If you are a fan of the Prim-Ed ‘Comprehension Box’ and are also a regular and frequent user of digital tools in your classroom, then the Let’s Teach platform will be a perfect fit for you. The Prim-Ed, ‘Let’s Teach’ library is an online interface where teachers and students can access and engage with the very popular resource, ‘The Comprehension Box’.
Once you log in for your free two week review, you have access to the three levels of The Comprehension Box and the corresponding teacher manuals. The Comprehension Box 1 (red box) is aimed at 1st and 2nd Class, The Comprehension Box 2 (green box) is aimed at 3rd and 4th Class and The Comprehension Box 3 (blue blox) is aimed at 5th and 6th Class. You then set-up your students and assign them to the appropriate level box. The Let’s Teach Library is a digitised version of the actual boxes.
Then you must register your class. Each student can be registered individually and registration requires an email address. Realistically this will have to be a working email address that the children can gain access to their login details and password generated and sent through the platform. In this case, using their Google Classroom accounts would not work, so you would need to have the parents email.
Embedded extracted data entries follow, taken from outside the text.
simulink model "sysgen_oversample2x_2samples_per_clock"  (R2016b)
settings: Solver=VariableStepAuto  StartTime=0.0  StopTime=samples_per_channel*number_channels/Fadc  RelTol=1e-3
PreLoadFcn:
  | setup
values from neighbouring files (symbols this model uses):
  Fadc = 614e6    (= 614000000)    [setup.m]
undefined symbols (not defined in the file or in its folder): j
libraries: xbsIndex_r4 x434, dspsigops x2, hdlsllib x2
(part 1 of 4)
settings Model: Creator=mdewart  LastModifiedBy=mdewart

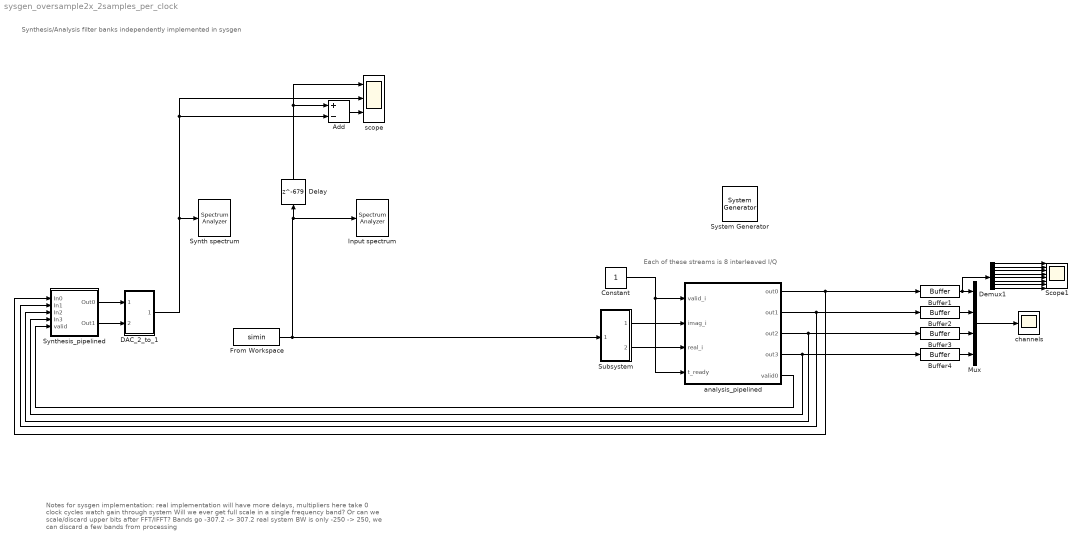
== system sysgen_oversample2x_2samples_per_clock ==
  note: Synthesis/Analysis filter banks independently implemented in sysgen
  note: Notes for sysgen implementation:
      |
      | real implementation will have more delays, multipliers here take 0 clock cycles
      |
      | watch gain through system
      |      Will we ever get full scale in a single frequency band?  Or can we scale/discard upper bits after FFT/IFFT?
      |
      | Bands go -307.2 -> 307.2  real system BW is only -250 -> 250, we can discard a few bands from processing
  note: Each of these streams is 8 interleaved I/Q
  " System Generator" : xbsIndex_r4/ System Generator  Tag=genX  xilinxfamily=kintexu  part=xcku040  speed=-2-e  package=ffva1156  synthesis_tool=Vivado  clock_wrapper=Clock Enables  directory=./netlist  proj_type=Vivado  Synth_file=Vivado Synthesis Defaults  Impl_file=Vivado Implementation Defaults  testbench=off  simulink_period=2/Fadc  sysclk_period=2e9/Fadc  dcm_input_clock_period=10  incr_netlist=off  trim_vbits=Everywhere in SubSystem  dbl_ovrd=According to Block Masks  core_generation=According to Block Masks  run_coregen=off  deprecated_control=off  eval_field=0  block_type=sysgen
  Add : Sum  Inputs=+-
  Buffer{1..4} (4 alike) : Buffer  N=8  TreatMby1Signals=One channel  OutputFrames=off
  Constant : Constant  SampleTime=2/Fadc
  DAC_2_to_1 : Subsystem
  Delay : Delay  DelayLength=679  InitialCondition=0
  Demux1 : Demux  Outputs=8
  From Workspace : FromWorkspace  VariableName=simin  SampleTime=1/Fadc  Interpolate=off  OutputAfterFinalValue=Cyclic repetition
  Input spectrum : SpectrumAnalyzer
  Mux : Mux
  Scope1 : Scope  NumInputPorts=8
  Subsystem : Subsystem
  Synth spectrum : SpectrumAnalyzer
  Synthesis_pipelined : Subsystem  VariantControl=Variant
  analysis_pipelined : Subsystem
  channels : Scope
  scope : Scope  NumInputPorts=3
  wires:
  Mux/1 -> channels/1
  Buffer2/1 -> Mux/2
  Buffer3/1 -> Mux/3
  Buffer4/1 -> Mux/4
  DAC_2_to_1/1(Out1) -> scope/2, Add/2, Synth spectrum/1
  Delay/1 -> Add/1, scope/1
  Subsystem/1(imag) -> analysis_pipelined/2(imag_i)
  Subsystem/2(real) -> analysis_pipelined/3(real_i)
  Constant/1 -> analysis_pipelined/4(t_ready), analysis_pipelined/1(valid_i)
  Buffer1/1 -> Demux1/1, Mux/1
  From Workspace/1 -> Input spectrum/1, Delay/1, Subsystem/1(In1)
  Demux1/1 -> Scope1/1
  Demux1/2 -> Scope1/2
  Demux1/3 -> Scope1/3
  Demux1/4 -> Scope1/4
  Demux1/5 -> Scope1/5
  Demux1/6 -> Scope1/6
  Demux1/7 -> Scope1/7
  Demux1/8 -> Scope1/8
  analysis_pipelined/3(out2) -> Synthesis_pipelined/3(In2), Buffer3/1
  analysis_pipelined/4(out3) -> Synthesis_pipelined/4(In3), Buffer4/1
  analysis_pipelined/2(out1) -> Synthesis_pipelined/2(In1), Buffer2/1
  analysis_pipelined/1(out0) -> Synthesis_pipelined/1(In0), Buffer1/1
  Synthesis_pipelined/1(Out0) -> DAC_2_to_1/1(In1)
  Synthesis_pipelined/2(Out1) -> DAC_2_to_1/2(In2)
  analysis_pipelined/5(valid0) -> Synthesis_pipelined/5(valid)
  Add/1 -> scope/3

== system sysgen_oversample2x_2samples_per_clock/DAC_2_to_1 ==
  In1 : Inport
  In2 : Inport  Port=2
  Add2 : Sum
  Delay7 : Delay  DelayLength=1  InitialCondition=0
  Gain : Gain  Gain=16
  Upsample1 : dspsigops/Upsample  N=2  phase=0  RateOptions=Allow multirate processing  ic=0  mode=Unused parameter value
  Upsample2 : dspsigops/Upsample  N=2  phase=0  RateOptions=Allow multirate processing  ic=0  mode=Unused parameter value
  Out1 : Outport
  wires:
  In2/1 -> Upsample2/1
  Delay7/1 -> Add2/2
  In1/1 -> Upsample1/1
  Upsample1/1 -> Add2/1
  Add2/1 -> Gain/1
  Upsample2/1 -> Delay7/1
  Gain/1 -> Out1/1

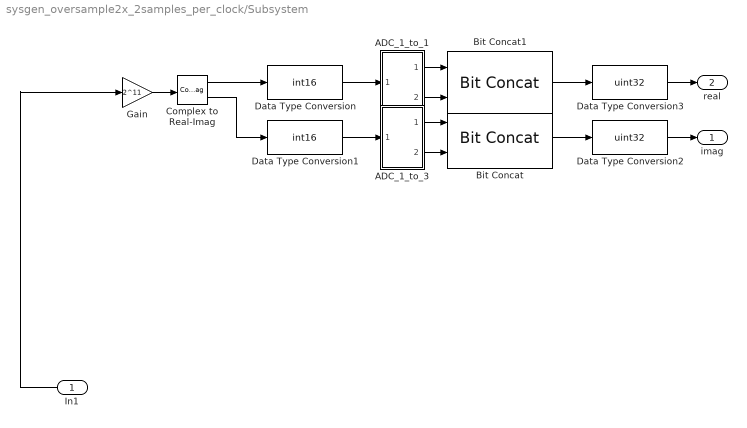
== system sysgen_oversample2x_2samples_per_clock/Subsystem ==
  In1 : Inport
  ADC_1_to_1 : Subsystem
  ADC_1_to_3 : Subsystem
  Bit Concat : hdlsllib/HDL Operations/Bit Concat  numInputs=2
  Bit Concat1 : hdlsllib/HDL Operations/Bit Concat  numInputs=2
  Complex to Real-Imag : ComplexToRealImag
  Data Type Conversion : DataTypeConversion  OutDataTypeStr=int16
  Data Type Conversion1 : DataTypeConversion  OutDataTypeStr=int16
  Data Type Conversion2 : DataTypeConversion  OutDataTypeStr=uint32  ConvertRealWorld=Stored Integer (SI)
  Data Type Conversion3 : DataTypeConversion  OutDataTypeStr=uint32  ConvertRealWorld=Stored Integer (SI)
  Gain : Gain  Gain=2^11
  imag : Outport
  real : Outport  Port=2
  wires:
  In1/1 -> Gain/1
  Data Type Conversion/1 -> ADC_1_to_1/1(In1)
  Complex to Real-Imag/1 -> Data Type Conversion/1
  ADC_1_to_3/2(Out2) -> Bit Concat/2
  Data Type Conversion1/1 -> ADC_1_to_3/1(In1)
  ADC_1_to_1/1(Out1) -> Bit Concat1/1
  Bit Concat/1 -> Data Type Conversion2/1
  ADC_1_to_3/1(Out1) -> Bit Concat/1
  ADC_1_to_1/2(Out2) -> Bit Concat1/2
  Complex to Real-Imag/2 -> Data Type Conversion1/1
  Gain/1 -> Complex to Real-Imag/1
  Bit Concat1/1 -> Data Type Conversion3/1
  Data Type Conversion2/1 -> imag/1
  Data Type Conversion3/1 -> real/1

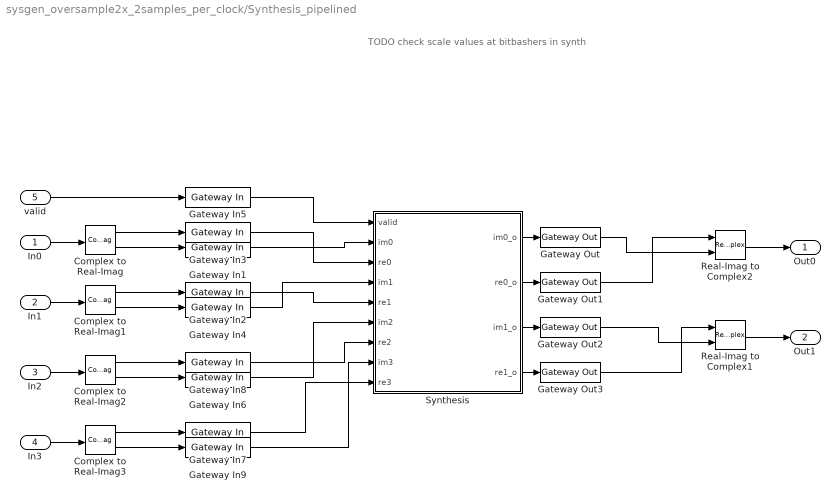
== system sysgen_oversample2x_2samples_per_clock/Synthesis_pipelined ==
  note: TODO check scale values at bitbashers in synth
  In0 : Inport
  In1 : Inport  Port=2
  In2 : Inport  Port=3
  In3 : Inport  Port=4
  valid : Inport  Port=5
  Complex to Real-Imag{,1..3} (4 alike) : ComplexToRealImag
  Gateway In{1..4,6..9} (8 alike) : xbsIndex_r4/Gateway In  gui_display_data_type=Fixed-point  arith_type="Signed  (2's comp)"  n_bits=16  bin_pt=15  preci_type=Single  exp_width=8  frac_width=24  rows=1  columns=1  quantization="Round  (unbiased: +/- Inf)"  overflow=Saturate  period=2/Fadc  UseAsADC=off  ADCChannel='1'  interface=None  automatic_assignment=on  address_offset=hex2dec('00')  intf_name=''  intf_description=''  default_value=0  timing_constraint=None  locs_specified=off  LOCs={}  io_standard={}  inherit_from_input=off  hdl_port=on  dbl_ovrd=off  block_type=gatewayin
  Gateway In5 : xbsIndex_r4/Gateway In  gui_display_data_type=Boolean  arith_type=Boolean  n_bits=1  bin_pt=0  preci_type=Single  exp_width=8  frac_width=24  rows=1  columns=1  quantization="Round  (unbiased: +/- Inf)"  overflow=Saturate  period=2/Fadc  UseAsADC=off  ADCChannel='1'  interface=None  automatic_assignment=on  address_offset=hex2dec('00')  intf_name=''  intf_description=''  default_value=0  timing_constraint=None  locs_specified=off  LOCs={}  io_standard={}  inherit_from_input=off  hdl_port=on  dbl_ovrd=off  block_type=gatewayin
  Gateway Out{,1..3} (4 alike) : xbsIndex_r4/Gateway Out  inherit_from_input=off  hdl_port=on  rows=1  columns=1  UseAsDAC=off  DACChannel='1'  interface=None  automatic_assignment=on  address_offset=hex2dec('00')  intf_name=''  intf_description=''  timing_constraint=None  locs_specified=off  LOCs={}  io_standard={}  block_type=gatewayout
  Real-Imag to Complex1 : RealImagToComplex
  Real-Imag to Complex2 : RealImagToComplex
  Synthesis : Subsystem
  Out0 : Outport
  Out1 : Outport  Port=2
  wires:
  Real-Imag to Complex1/1 -> Out1/1
  Real-Imag to Complex2/1 -> Out0/1
  Gateway Out3/1 -> Real-Imag to Complex1/1
  Gateway Out2/1 -> Real-Imag to Complex1/2
  Gateway Out/1 -> Real-Imag to Complex2/2
  Gateway Out1/1 -> Real-Imag to Complex2/1
  Synthesis/4(re1_o) -> Gateway Out3/1
  Synthesis/3(im1_o) -> Gateway Out2/1
  Synthesis/2(re0_o) -> Gateway Out1/1
  Synthesis/1(im0_o) -> Gateway Out/1
  Gateway In7/1 -> Synthesis/9(re3)
  Gateway In9/1 -> Synthesis/8(im3)
  Gateway In8/1 -> Synthesis/7(re2)
  Gateway In6/1 -> Synthesis/6(im2)
  Gateway In4/1 -> Synthesis/4(im1)
  Gateway In2/1 -> Synthesis/5(re1)
  Gateway In5/1 -> Synthesis/1(valid)
  Gateway In1/1 -> Synthesis/2(im0)
  Gateway In3/1 -> Synthesis/3(re0)
  In2/1 -> Complex to Real-Imag2/1
  In3/1 -> Complex to Real-Imag3/1
  Complex to Real-Imag3/2 -> Gateway In9/1
  Complex to Real-Imag3/1 -> Gateway In7/1
  Complex to Real-Imag2/2 -> Gateway In6/1
  Complex to Real-Imag2/1 -> Gateway In8/1
  In0/1 -> Complex to Real-Imag/1
  In1/1 -> Complex to Real-Imag1/1
  Complex to Real-Imag1/2 -> Gateway In4/1
  Complex to Real-Imag1/1 -> Gateway In2/1
  Complex to Real-Imag/2 -> Gateway In1/1
  Complex to Real-Imag/1 -> Gateway In3/1
  valid/1 -> Gateway In5/1

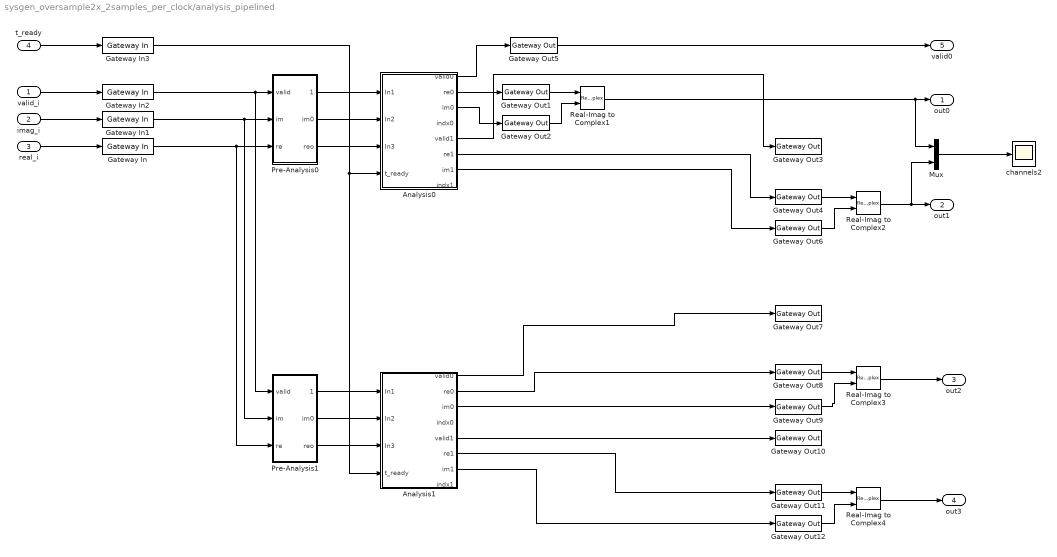
== system sysgen_oversample2x_2samples_per_clock/analysis_pipelined ==
  valid_i : Inport
  imag_i : Inport  Port=2
  real_i : Inport  Port=3
  t_ready : Inport  Port=4
  Analysis0 : Subsystem
  Analysis1 : Subsystem
  Gateway In : xbsIndex_r4/Gateway In  gui_display_data_type=Fixed-point  arith_type=Unsigned  n_bits=32  bin_pt=0  preci_type=Single  exp_width=8  frac_width=24  rows=1  columns=1  quantization="Round  (unbiased: +/- Inf)"  overflow=Saturate  period=2/Fadc  UseAsADC=off  ADCChannel='1'  interface=None  automatic_assignment=on  address_offset=hex2dec('00')  intf_name=''  intf_description=''  default_value=0  timing_constraint=None  locs_specified=off  LOCs={}  io_standard={}  inherit_from_input=off  hdl_port=on  dbl_ovrd=off  block_type=gatewayin
  Gateway In1 : xbsIndex_r4/Gateway In  gui_display_data_type=Fixed-point  arith_type=Unsigned  n_bits=32  bin_pt=0  preci_type=Single  exp_width=8  frac_width=24  rows=1  columns=1  quantization="Round  (unbiased: +/- Inf)"  overflow=Saturate  period=2/Fadc  UseAsADC=off  ADCChannel='1'  interface=None  automatic_assignment=on  address_offset=hex2dec('00')  intf_name=''  intf_description=''  default_value=0  timing_constraint=None  locs_specified=off  LOCs={}  io_standard={}  inherit_from_input=off  hdl_port=on  dbl_ovrd=off  block_type=gatewayin
  Gateway In2 : xbsIndex_r4/Gateway In  gui_display_data_type=Boolean  arith_type=Boolean  n_bits=1  bin_pt=0  preci_type=Single  exp_width=8  frac_width=24  rows=1  columns=1  quantization="Round  (unbiased: +/- Inf)"  overflow=Saturate  period=2/Fadc  UseAsADC=off  ADCChannel='1'  interface=None  automatic_assignment=on  address_offset=hex2dec('00')  intf_name=''  intf_description=''  default_value=0  timing_constraint=None  locs_specified=off  LOCs={}  io_standard={}  inherit_from_input=off  hdl_port=on  dbl_ovrd=off  block_type=gatewayin
  Gateway In3 : xbsIndex_r4/Gateway In  gui_display_data_type=Boolean  arith_type=Boolean  n_bits=1  bin_pt=0  preci_type=Single  exp_width=8  frac_width=24  rows=1  columns=1  quantization="Round  (unbiased: +/- Inf)"  overflow=Saturate  period=2/Fadc  UseAsADC=off  ADCChannel='1'  interface=None  automatic_assignment=on  address_offset=hex2dec('00')  intf_name=''  intf_description=''  default_value=0  timing_constraint=None  locs_specified=off  LOCs={}  io_standard={}  inherit_from_input=off  hdl_port=on  dbl_ovrd=off  block_type=gatewayin
  Gateway Out{1..12} (12 alike) : xbsIndex_r4/Gateway Out  inherit_from_input=off  hdl_port=on  rows=1  columns=1  UseAsDAC=off  DACChannel='1'  interface=None  automatic_assignment=on  address_offset=hex2dec('00')  intf_name=''  intf_description=''  timing_constraint=None  locs_specified=off  LOCs={}  io_standard={}  block_type=gatewayout
  Mux : Mux  Inputs=2
  Pre-Analysis0 : Subsystem
  Pre-Analysis1 : Subsystem
  Real-Imag to Complex{1..4} (4 alike) : RealImagToComplex
  channels2 : Scope
  out0 : Outport
  out1 : Outport  Port=2
  out2 : Outport  Port=3
  out3 : Outport  Port=4
  valid0 : Outport  Port=5
  wires:
  Gateway In2/1 -> Pre-Analysis0/1(valid), Pre-Analysis1/1(valid)
  Analysis1/7(im1) -> Gateway Out12/1
  Analysis1/6(re1) -> Gateway Out11/1
  Analysis1/3(im0) -> Gateway Out9/1
  Analysis0/1(valid0) -> Gateway Out5/1
  Analysis0/2(re0) -> Gateway Out1/1
  Analysis0/3(im0) -> Gateway Out2/1
  Real-Imag to Complex4/1 -> out3/1
  Real-Imag to Complex3/1 -> out2/1
  Real-Imag to Complex1/1 -> Mux/1, out0/1
  Gateway Out5/1 -> valid0/1
  Pre-Analysis1/1(valid0) -> Analysis1/1(In1)
  Pre-Analysis1/2(im0) -> Analysis1/2(In2)
  Pre-Analysis1/3(reo) -> Analysis1/3(In3)
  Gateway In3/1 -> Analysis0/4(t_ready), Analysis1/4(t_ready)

When the children log-in, it does require a little bit of guidance from the teacher as to how to access the comprehension cards and questions. However, once they have mastered this the rest is very easy to navigate. The children can begin on card number one and work their way through the entire box, at their own pace. Each digital box is broken down in 15 different colour coded sections, which progressively increase in complexity as you move through them. Each card has a specific comprehension skill as a focal point. The child reads the card on screen and then completes the multiple choice questions. The child receives a score of how many answers they got correct and the option to view the incorrect answers they chose. They then move on to the next card.
From the teacher side, you can keep a track of what pupil is on what card and can collect data on what percentage they are getting correct. It is very easy to interpret and to use. Mistakes are highlighted and patterns of errors easily identified. These could then be used to target a mini-lesson on the specific area of difficulty. I really love this aspect of the platform, as I do not have to wade through checklists and grids to identify the areas that need improvement.
The digital version is pretty identical to the actual The Comprehension Box which almost every school has. If I was a learning support teacher in the senior end of the school, this would be one of my tools to help children work independently on skills they require. I would re-teach the comprehension skills being taught in the classroom. I would then work on completing a card together and then assign a card for the child to complete independently (either at home or in school). This would be a fantastic way to engage their attention, integrate technology and reinforce skills that they will require through their school life. The younger children would definitely need adult support to navigate their way around the platform. However, the older children would have no issues. A child in fifth or sixth class, with an exemption from Irish and/or with literacy difficulties would gain a lot from completing the cards independently. This is a great tool that a teacher could add to their planning for Literacy.